Okay. Understood .And then focusing a little bit on INBRIJA. What is the – if you can briefly describe the process from receipt of the prescriptions to dispensing of the product? With a particular focus on who might be the specialty pharmacies within the network?
Right. Well, we’re not going to talk who they are. We’re under agreements with all of our specialty pharmacies. This is going to be a hub-and-spoke network, just as it was with AMPYRA, where we have our own patient services hub, and there is a network of specialty pharmacies, the hub will distribute the prescriptions to the appropriate specialty pharmacy. They will fill it and dropship the drug to the patient. So that’s what we have done with AMPYRA. That’s what we are going to be doing with INBRIJA.

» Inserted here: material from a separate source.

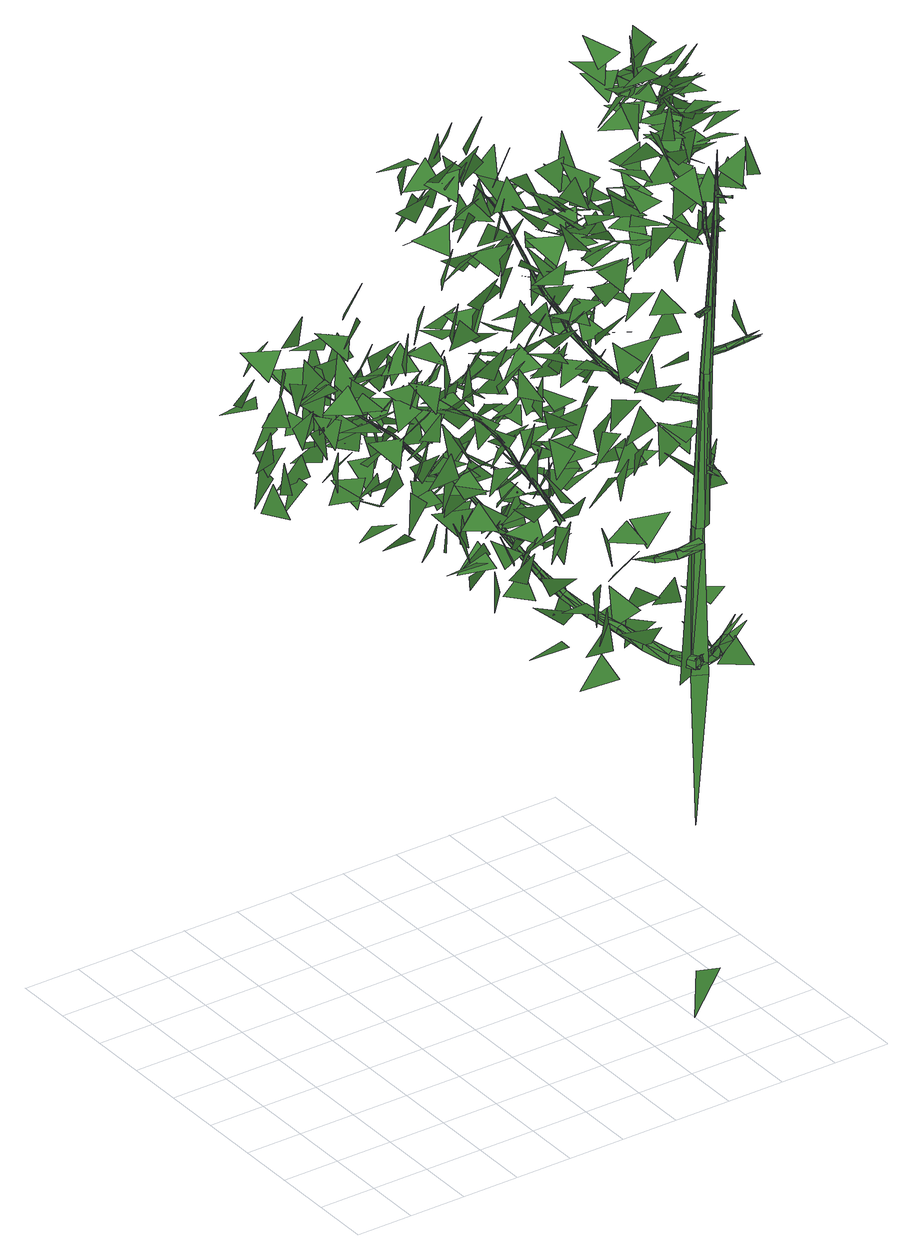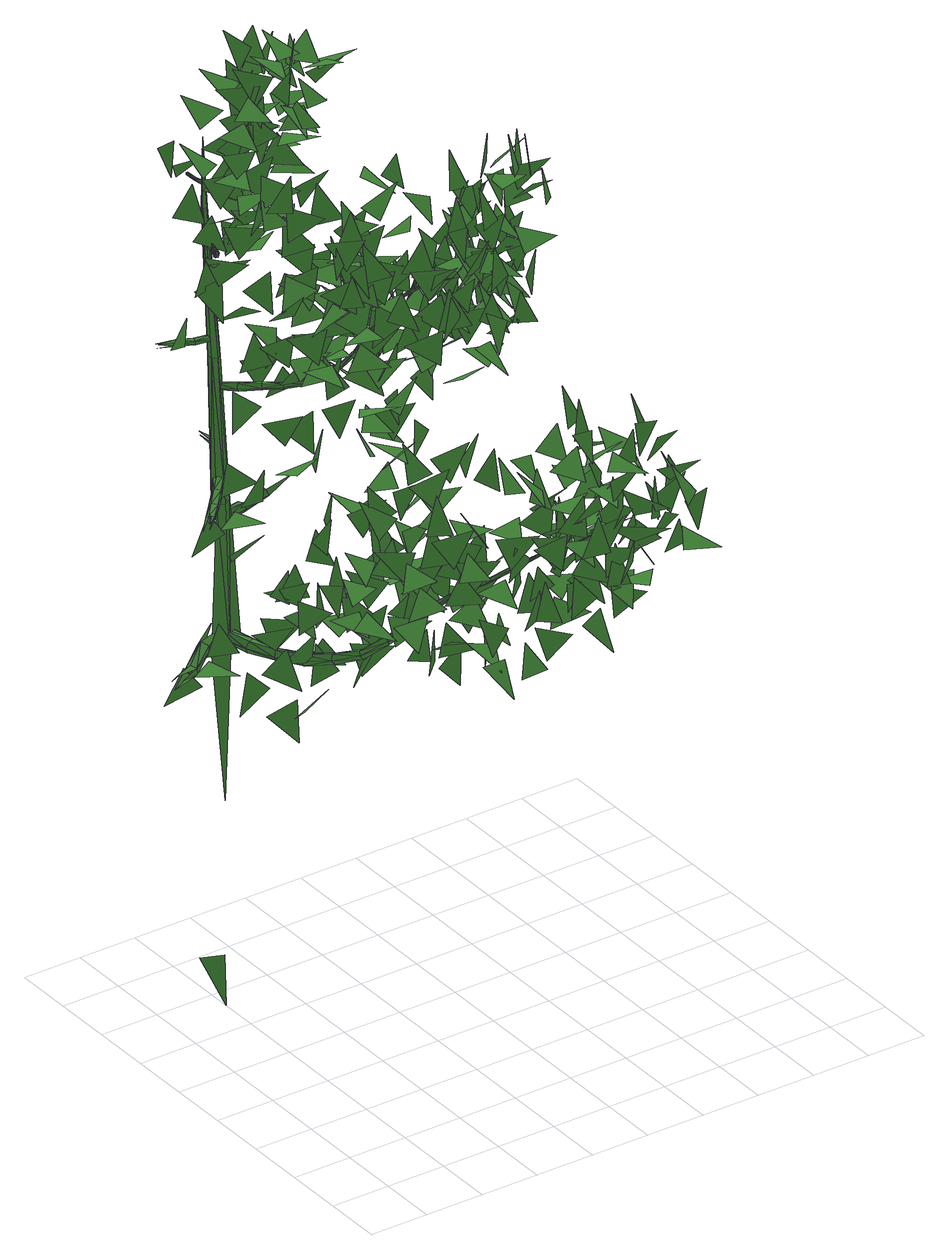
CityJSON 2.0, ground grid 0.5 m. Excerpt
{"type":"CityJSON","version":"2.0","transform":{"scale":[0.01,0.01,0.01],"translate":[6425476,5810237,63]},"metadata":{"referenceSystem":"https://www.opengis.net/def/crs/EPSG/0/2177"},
"CityObjects":{
"tree1":{"type":"SolitaryVegetationObject","attributes":{"crownarea":"217","modell_vol":"LIS","treeheight":"8.7"},"geometry":[{"type":"MultiSurface","lod":"2","boundaries":[[[0,1,2]],[[3,4,5]],[[6,7,8]],[[9,10,11]],[[12,13,14]],[[15,16,17]],[[18,19,20]],[[21,22,23]],[[24,25,26]],[[27,28,29]],[[30,31,32]],[[33,34,35]],[[36,37,38]],[[39,40,41]],[[42,43,44]],[[45,46,47]],[[48,34,33]],[[49,50,51]],[[52,48,33]],[[48,53,34]],[[54,52,33]],[[55,56,57]],[[33,34,53]],[[53,54,33]],[[58,59,60]],[[61,62,63]],[[64,65,66]],[[67,68,69]],[[70,71,72]],[[73,74,75]],[[76,52,54]],[[77,78,79]],[[80,81,82]],[[54,53,76]],[[83,84,85]],[[86,87,88]],[[53,89,76]],[[90,91,92]],[[76,93,94]],[[95,89,96]],[[93,97,94]],[[98,93,76]],[[97,99,96]],[[76,89,98]],[[99,95,96]],[[100,101,102]],[[103,104,105]],[[89,95,98]],[[106,107,108]],[[109,110,111]],[[112,113,114]],[[115,116,117]],[[118,93,98]],[[119,120,121]],[[122,123,124]],[[125,126,127]],[[128,98,95]],[[97,93,129]],[[130,131,132]],[[133,134,135]],[[99,97,136]],[[118,129,93]],[[137,138,139]],[[95,99,140]],[[141,142,143]],[[128,118,98]],[[136,97,129]],[[144,145,146]],[[140,99,136]],[[147,148,149]],[[150,151,152]],[[153,154,155]],[[95,140,128]],[[156,157,158]],[[136,159,140]],[[160,129,118]],[[161,162,163]],[[160,118,128]],[[140,164,128]],[[136,129,159]],[[160,165,129]],[[166,167,168]],[[159,164,140]],[[169,170,171]],[[172,160,128]],[[164,172,128]],[[173,174,175]],[[129,165,159]],[[176,177,178]],[[179,180,181,182]],[[159,183,164]],[[184,165,160]],[[159,165,183]],[[184,160,172]],[[172,164,185,180]],[[184,186,165]],[[187,188,189]],[[183,185,164]],[[190,191,192]],[[165,186,183]],[[193,184,172]],[[194,195,196]],[[193,172,180,185]],[[197,198,199]],[[200,201,202]],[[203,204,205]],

The hub performs multiple functions for us and the patients. It does an initial every time a prescription comes in, they do an initial benefits investigation, so that helps smooth the process for the patient and the doctor’s office. They then farm it out to the specialty pharmacies, so that it is seamless going on in the background. If there are checkboxes that need to be checked for a given reimbursement party or a given insurer, they will inform the doctor’s office of that, they’ll inform the patient. We will supplement that with our regional reimbursement directors, who are Acorda employees, they’re out in the field.
And when there are specific issues that come up or questions, they supplement the hub. And they are in touch directly with the hub. They’re in touch directly with the physicians offices. And they help to hopefully smooth the communications and make sure that things are being processed as quickly and effectively as possible. So it’s a whole ecosystem that we have set up with the entire purpose is to make the whole reimbursement and prescription process as easy as possible for the patients and the physicians under whatever the circumstances are.
Excellent, thank you for that detail. And one final question just on the pipeline. I’m looking mechanistically at CVT-427,wondering if it’s expected to have any therapeutic utility in patients who might have already failed at one prior triptan?
So just to maybe clarified that. First of all, we’re not calling it CVT-427 anymore. And actually, thank you for the opportunity to clarify for everybody. That was very specific to the zolmitriptan formation that we had in the clinic just for everyone’s recollection. The good news was, we showed that we got to maximal plasma concentration within an average of 11 minutes, so that was around what an injectable dose. So that was fantastic. The less good news, which is requiring the reformulation, was that in susceptible populations, we were seeing laboratory or diagnostic evidence of bronchoconstriction, enough that and we didn’t feel that we could move forward with that particular formulation.
What we are doing now as really belt and suspenders is we are looking at triptans and we are looking at a couple of other classes and molecule that we know we can formulate and we already know we can formulate them. And our goal is hopefully to be able to select one of them that performs the best in our preclinical testing, and move that back into the clinic. It will have a different number designator at that time.
Excellent. Thank you for the clarity. And I appreciate the time with question.
There are no further questions at this time. I will now turn the call back over to the presenters.
All right. Great. Well, thank you everyone, for joining us, and we certainly look forward to keeping you posted as we launch INBRIJA. Bye, and have a great evening.
And this concludes today’s conference call. You may now disconnect.